*Problem to solve*. Exactly the line that contains "#17500 = EDGE_CURVE" and the lines following it to the end of the data are to be reproduced, and nothing more.

(Records contained in a dataset)
____________________
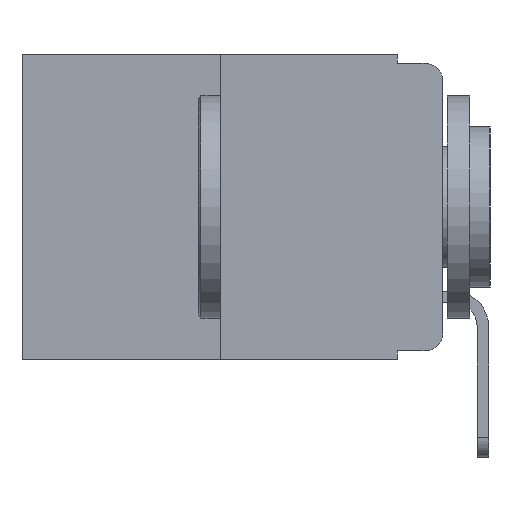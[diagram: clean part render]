
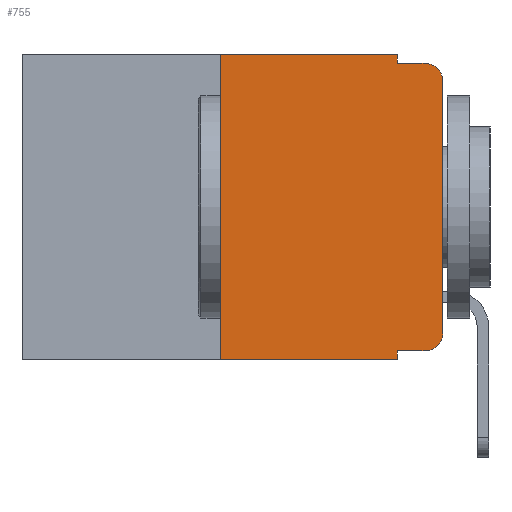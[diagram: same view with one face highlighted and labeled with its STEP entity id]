
A CAD part, left-side view. The second image highlights one B-rep face of the part: STEP entity #755.
In plain terms, the highlighted planar face has unit normal (-1, 0, 0).
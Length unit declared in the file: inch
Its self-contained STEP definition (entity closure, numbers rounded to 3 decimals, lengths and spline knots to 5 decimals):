
#104 = LINE ( 'NONE', #9315, #5426 ) ;
#384 = EDGE_CURVE ( 'NONE', #7697, #911, #10528, .T. ) ;
#442 = EDGE_CURVE ( 'NONE', #11542, #1325, #7603, .T. ) ;
#691 = EDGE_CURVE ( 'NONE', #8180, #5587, #6173, .T. ) ;
#755 = ADVANCED_FACE ( 'NONE', ( #3673 ), #1693, .F. ) ;
#911 = VERTEX_POINT ( 'NONE', #8634 ) ;
#1072 = DIRECTION ( 'NONE',  ( 0., 0., -1. ) ) ;
#1130 = AXIS2_PLACEMENT_3D ( 'NONE', #5568, #4910, #1072 ) ;
#1184 = DIRECTION ( 'NONE',  ( 0., -1., 0. ) ) ;
#1222 = VECTOR ( 'NONE', #3993, 39.37008 ) ;
#1325 = VERTEX_POINT ( 'NONE', #9557 ) ;
#1526 = CARTESIAN_POINT ( 'NONE',  ( 0., 0., 0. ) ) ;
#1590 = DIRECTION ( 'NONE',  ( 0., 0., 1. ) ) ;
#1693 = PLANE ( 'NONE',  #8567 ) ;
#1704 = DIRECTION ( 'NONE',  ( -1., 0., 0. ) ) ;
#1939 = ORIENTED_EDGE ( 'NONE', *, *, #9256, .F. ) ;
#1958 = VERTEX_POINT ( 'NONE', #9802 ) ;
#2012 = VECTOR ( 'NONE', #2026, 39.37008 ) ;
#2026 = DIRECTION ( 'NONE',  ( 0., -1., 0. ) ) ;
#2262 = ORIENTED_EDGE ( 'NONE', *, *, #5197, .T. ) ;
#2458 = CARTESIAN_POINT ( 'NONE',  ( 0., 0.473, -0.343 ) ) ;
#2461 = CARTESIAN_POINT ( 'NONE',  ( 0., 0.051, 0. ) ) ;
#2481 = CIRCLE ( 'NONE', #6606, 0.02 ) ;
#2561 = CARTESIAN_POINT ( 'NONE',  ( 0., 0., -0.03 ) ) ;
#2652 = CARTESIAN_POINT ( 'NONE',  ( 0., 0.25, -0.343 ) ) ;
#2815 = VECTOR ( 'NONE', #1184, 39.37008 ) ;
#2817 = DIRECTION ( 'NONE',  ( 0., 0., -1. ) ) ;
#2978 = VECTOR ( 'NONE', #10582, 39.37008 ) ;
#3418 = ORIENTED_EDGE ( 'NONE', *, *, #384, .F. ) ;
#3657 = CARTESIAN_POINT ( 'NONE',  ( 0., 0.02, -0.01 ) ) ;
#3673 = FACE_OUTER_BOUND ( 'NONE', #5101, .T. ) ;
#3711 = CARTESIAN_POINT ( 'NONE',  ( 0., 0.051, 0. ) ) ;
#3749 = CARTESIAN_POINT ( 'NONE',  ( 0., 0.02, -0.03 ) ) ;
#3993 = DIRECTION ( 'NONE',  ( 0., 0., -1. ) ) ;
#4052 = EDGE_CURVE ( 'NONE', #911, #1958, #5294, .T. ) ;
#4361 = DIRECTION ( 'NONE',  ( 0., 0., -1. ) ) ;
#4485 = DIRECTION ( 'NONE',  ( 0., 0., 1. ) ) ;
#4617 = LINE ( 'NONE', #3711, #1222 ) ;
#4910 = DIRECTION ( 'NONE',  ( -1., 0., 0. ) ) ;
#5101 = EDGE_LOOP ( 'NONE', ( #12214, #8137, #1939, #9252, #3418, #11023, #9619, #8463, #9809, #2262 ) ) ;
#5197 = EDGE_CURVE ( 'NONE', #1325, #9071, #10284, .T. ) ;
#5219 = CARTESIAN_POINT ( 'NONE',  ( 0., 0., -0.313 ) ) ;
#5280 = EDGE_CURVE ( 'NONE', #11542, #5587, #4617, .T. ) ;
#5294 = LINE ( 'NONE', #2461, #8103 ) ;
#5426 = VECTOR ( 'NONE', #9443, 39.37008 ) ;
#5439 = CARTESIAN_POINT ( 'NONE',  ( 0., 0.25, 0. ) ) ;
#5568 = CARTESIAN_POINT ( 'NONE',  ( 0., 0.02, -0.313 ) ) ;
#5587 = VERTEX_POINT ( 'NONE', #8390 ) ;
#6173 = LINE ( 'NONE', #2458, #2815 ) ;
#6488 = VERTEX_POINT ( 'NONE', #3657 ) ;
#6526 = CARTESIAN_POINT ( 'NONE',  ( 0., 0.051, -0.333 ) ) ;
#6547 = VERTEX_POINT ( 'NONE', #2561 ) ;
#6606 = AXIS2_PLACEMENT_3D ( 'NONE', #3749, #1704, #2817 ) ;
#7012 = EDGE_CURVE ( 'NONE', #8180, #7697, #12101, .T. ) ;
#7180 = LINE ( 'NONE', #1526, #9398 ) ;
#7470 = DIRECTION ( 'NONE',  ( 1., 0., 0. ) ) ;
#7560 = EDGE_CURVE ( 'NONE', #6547, #6488, #2481, .T. ) ;
#7603 = LINE ( 'NONE', #9526, #2012 ) ;
#7697 = VERTEX_POINT ( 'NONE', #9769 ) ;
#7727 = CARTESIAN_POINT ( 'NONE',  ( 0., 0.473, 0. ) ) ;
#8103 = VECTOR ( 'NONE', #4361, 39.37008 ) ;
#8137 = ORIENTED_EDGE ( 'NONE', *, *, #7560, .T. ) ;
#8180 = VERTEX_POINT ( 'NONE', #2652 ) ;
#8390 = CARTESIAN_POINT ( 'NONE',  ( 0., 0.051, -0.343 ) ) ;
#8463 = ORIENTED_EDGE ( 'NONE', *, *, #5280, .F. ) ;
#8567 = AXIS2_PLACEMENT_3D ( 'NONE', #10149, #7470, #10094 ) ;
#8634 = CARTESIAN_POINT ( 'NONE',  ( 0., 0.051, 0. ) ) ;
#8718 = EDGE_CURVE ( 'NONE', #9071, #6547, #7180, .T. ) ;
#9071 = VERTEX_POINT ( 'NONE', #5219 ) ;
#9252 = ORIENTED_EDGE ( 'NONE', *, *, #4052, .F. ) ;
#9256 = EDGE_CURVE ( 'NONE', #1958, #6488, #104, .T. ) ;
#9315 = CARTESIAN_POINT ( 'NONE',  ( 0., 0.051, -0.01 ) ) ;
#9398 = VECTOR ( 'NONE', #1590, 39.37008 ) ;
#9443 = DIRECTION ( 'NONE',  ( 0., -1., 0. ) ) ;
#9526 = CARTESIAN_POINT ( 'NONE',  ( 0., 0.051, -0.333 ) ) ;
#9557 = CARTESIAN_POINT ( 'NONE',  ( 0., 0.02, -0.333 ) ) ;
#9619 = ORIENTED_EDGE ( 'NONE', *, *, #691, .T. ) ;
#9769 = CARTESIAN_POINT ( 'NONE',  ( 0., 0.25, 0. ) ) ;
#9802 = CARTESIAN_POINT ( 'NONE',  ( 0., 0.051, -0.01 ) ) ;
#9809 = ORIENTED_EDGE ( 'NONE', *, *, #442, .T. ) ;
#10094 = DIRECTION ( 'NONE',  ( 0., 0., -1. ) ) ;
#10149 = CARTESIAN_POINT ( 'NONE',  ( 0., 0.473, 0. ) ) ;
#10284 = CIRCLE ( 'NONE', #1130, 0.02 ) ;
#10528 = LINE ( 'NONE', #7727, #2978 ) ;
#10582 = DIRECTION ( 'NONE',  ( 0., -1., 0. ) ) ;
#10590 = VECTOR ( 'NONE', #4485, 39.37008 ) ;
#11023 = ORIENTED_EDGE ( 'NONE', *, *, #7012, .F. ) ;
#11542 = VERTEX_POINT ( 'NONE', #6526 ) ;
#12101 = LINE ( 'NONE', #5439, #10590 ) ;
#12214 = ORIENTED_EDGE ( 'NONE', *, *, #8718, .T. ) ;
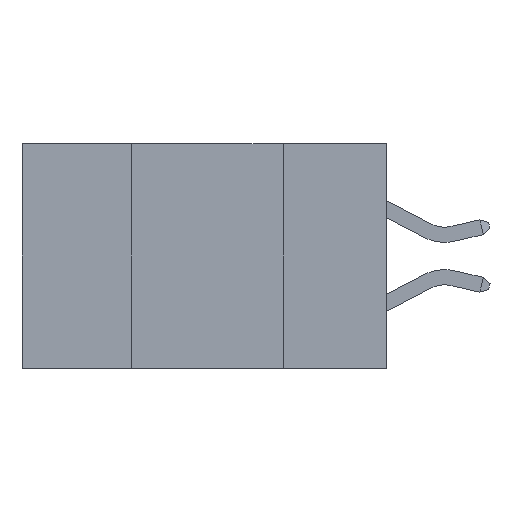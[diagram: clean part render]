
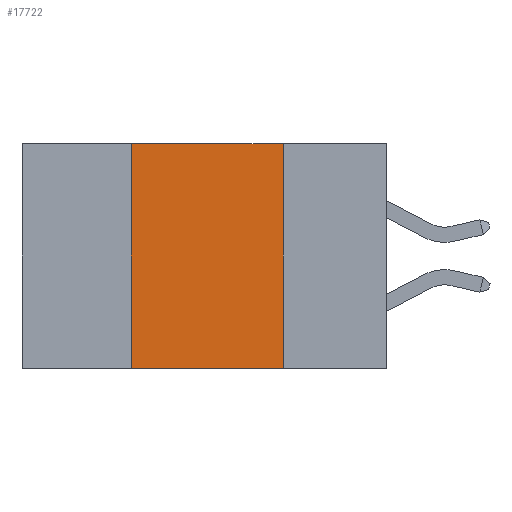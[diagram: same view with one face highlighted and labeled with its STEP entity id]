
A CAD part, left-side view. The second image highlights one B-rep face of the part: STEP entity #17722.
In plain terms, the highlighted planar face has unit normal (-1, 0, 0).
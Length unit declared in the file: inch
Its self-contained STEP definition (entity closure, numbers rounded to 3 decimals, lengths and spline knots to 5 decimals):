
#373 = EDGE_CURVE ( 'NONE', #13436, #10518, #19085, .T. ) ;
#550 = VERTEX_POINT ( 'NONE', #5038 ) ;
#1502 = ORIENTED_EDGE ( 'NONE', *, *, #373, .F. ) ;
#2816 = DIRECTION ( 'NONE',  ( 0., 0., 1. ) ) ;
#3250 = LINE ( 'NONE', #19610, #16041 ) ;
#3801 = LINE ( 'NONE', #15503, #7918 ) ;
#4922 = ORIENTED_EDGE ( 'NONE', *, *, #17500, .F. ) ;
#5038 = CARTESIAN_POINT ( 'NONE',  ( 0., 0.42, -0.37 ) ) ;
#5388 = CARTESIAN_POINT ( 'NONE',  ( 0., 0.17, -0.37 ) ) ;
#5844 = ORIENTED_EDGE ( 'NONE', *, *, #8659, .F. ) ;
#6233 = DIRECTION ( 'NONE',  ( 0., 0., -1. ) ) ;
#6388 = DIRECTION ( 'NONE',  ( 0., -1., 0. ) ) ;
#6742 = CARTESIAN_POINT ( 'NONE',  ( 0., 0.17, 0. ) ) ;
#7210 = AXIS2_PLACEMENT_3D ( 'NONE', #16505, #18619, #6233 ) ;
#7918 = VECTOR ( 'NONE', #10796, 39.37008 ) ;
#8487 = VECTOR ( 'NONE', #6388, 39.37008 ) ;
#8659 = EDGE_CURVE ( 'NONE', #12065, #13436, #12343, .T. ) ;
#10518 = VERTEX_POINT ( 'NONE', #5388 ) ;
#10559 = EDGE_LOOP ( 'NONE', ( #1502, #5844, #4922, #17306 ) ) ;
#10796 = DIRECTION ( 'NONE',  ( 0., -1., 0. ) ) ;
#11057 = EDGE_CURVE ( 'NONE', #550, #10518, #3801, .T. ) ;
#12060 = VECTOR ( 'NONE', #19202, 39.37008 ) ;
#12065 = VERTEX_POINT ( 'NONE', #17318 ) ;
#12343 = LINE ( 'NONE', #18848, #8487 ) ;
#13436 = VERTEX_POINT ( 'NONE', #14419 ) ;
#14419 = CARTESIAN_POINT ( 'NONE',  ( 0., 0.17, 0. ) ) ;
#15419 = PLANE ( 'NONE',  #7210 ) ;
#15503 = CARTESIAN_POINT ( 'NONE',  ( 0., 0.6, -0.37 ) ) ;
#16041 = VECTOR ( 'NONE', #2816, 39.37008 ) ;
#16505 = CARTESIAN_POINT ( 'NONE',  ( 0., 0.6, 0. ) ) ;
#17306 = ORIENTED_EDGE ( 'NONE', *, *, #11057, .T. ) ;
#17318 = CARTESIAN_POINT ( 'NONE',  ( 0., 0.42, 0. ) ) ;
#17500 = EDGE_CURVE ( 'NONE', #550, #12065, #3250, .T. ) ;
#17722 = ADVANCED_FACE ( 'NONE', ( #18052 ), #15419, .F. ) ;
#18052 = FACE_OUTER_BOUND ( 'NONE', #10559, .T. ) ;
#18619 = DIRECTION ( 'NONE',  ( 1., 0., 0. ) ) ;
#18848 = CARTESIAN_POINT ( 'NONE',  ( 0., 0.6, 0. ) ) ;
#19085 = LINE ( 'NONE', #6742, #12060 ) ;
#19202 = DIRECTION ( 'NONE',  ( 0., 0., -1. ) ) ;
#19610 = CARTESIAN_POINT ( 'NONE',  ( 0., 0.42, 0. ) ) ;
____________________
*Output for this exercise*.
#17500 = EDGE_CURVE ( 'NONE', #550, #12065, #3250, .T. ) ;
#17722 = ADVANCED_FACE ( 'NONE', ( #18052 ), #15419, .F. ) ;
#18052 = FACE_OUTER_BOUND ( 'NONE', #10559, .T. ) ;
#18619 = DIRECTION ( 'NONE',  ( 1., 0., 0. ) ) ;
#18848 = CARTESIAN_POINT ( 'NONE',  ( 0., 0.6, 0. ) ) ;
#19085 = LINE ( 'NONE', #6742, #12060 ) ;
#19202 = DIRECTION ( 'NONE',  ( 0., 0., -1. ) ) ;
#19610 = CARTESIAN_POINT ( 'NONE',  ( 0., 0.42, 0. ) ) ;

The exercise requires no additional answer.